**REQUIREMENT:** Each line from the one containing "Relay/1 -> Gain/1, Ultra_slow/1, Slow/1" through the end of the entries below should be transcribed exactly, and no other line.

##### TASK MATERIAL

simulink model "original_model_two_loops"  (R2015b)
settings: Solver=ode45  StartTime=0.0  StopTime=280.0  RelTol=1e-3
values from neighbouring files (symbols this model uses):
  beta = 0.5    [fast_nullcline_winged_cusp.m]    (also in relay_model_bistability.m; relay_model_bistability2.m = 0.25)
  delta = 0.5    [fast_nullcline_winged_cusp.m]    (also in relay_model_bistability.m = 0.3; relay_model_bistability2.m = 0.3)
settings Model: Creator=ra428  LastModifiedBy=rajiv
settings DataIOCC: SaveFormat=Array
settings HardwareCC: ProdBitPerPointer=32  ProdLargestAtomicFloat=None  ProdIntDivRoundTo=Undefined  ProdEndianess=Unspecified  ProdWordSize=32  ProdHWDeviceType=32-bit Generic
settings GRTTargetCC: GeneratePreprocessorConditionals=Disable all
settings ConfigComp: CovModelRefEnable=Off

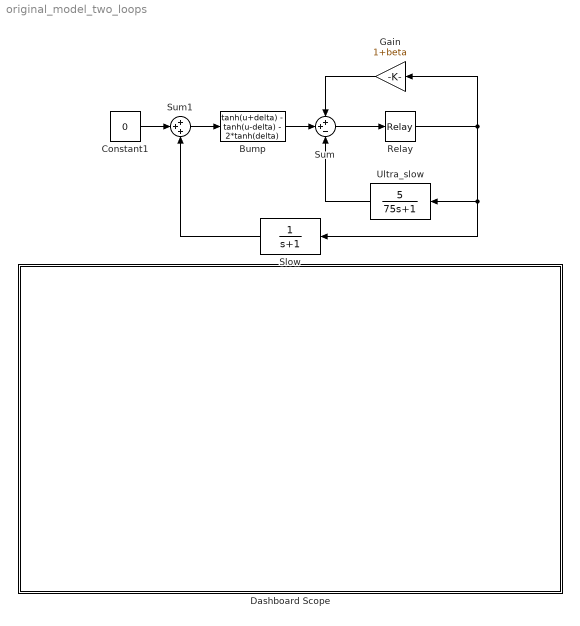
== system original_model_two_loops ==
  Bump : Fcn  Expr="tanh(u+delta) -  tanh(u-delta) - 2*tanh(delta)"
  Constant1 : Constant  Value=0
  Dashboard Scope : Subsystem  DialogController=hmiCreateDDGDialog  IsWebBlock=on  mask(MathWorksWebBlock){webBlockId=a72932a1-62b0-4401-931c-6d78c9731779, webBlockType=sdiscope, ShowInitialText=on, HMISrcModelName=original_model_two_loops}
      mask prompts: webBlockId "WebBlock Id"; webBlockType "WebBlock Type"; HMISrcModelName "Source Model"
      mask Help: helpview([docroot '/mapfiles/simulink.map'], 'hmi_scope')
      mask Display:
      | if strcmp(get_param(bdroot(gcb),'BlockDiagramType'), 'library')
      |     image([(matlabroot) '/toolbox/simulink/hmi/icons/DashboardScope.png']);
      | end
  Gain : Gain  Gain=1+beta
  Relay : Relay  OnSwitchValue=0  OffSwitchValue=0  OffOutputValue=-1
  Slow : TransferFcn  Denominator=[1 1]
  Sum : Sum  Inputs=++-
  Sum1 : Sum  Inputs=+++
  Ultra_slow : TransferFcn  Numerator=[5]  Denominator=[75 1]
  wires:
  Sum/1 -> Relay/1
  Gain/1 -> Sum/1
  Ultra_slow/1 -> Sum/3
  Constant1/1 -> Sum1/2
  Relay/1 -> Gain/1, Ultra_slow/1, Slow/1
  Slow/1 -> Sum1/3
  Bump/1 -> Sum/2
  Sum1/1 -> Bump/1

== system original_model_two_loops/Dashboard Scope ==

##########

**RESPONSE BELOW:**
  Relay/1 -> Gain/1, Ultra_slow/1, Slow/1
  Slow/1 -> Sum1/3
  Bump/1 -> Sum/2
  Sum1/1 -> Bump/1

== system original_model_two_loops/Dashboard Scope ==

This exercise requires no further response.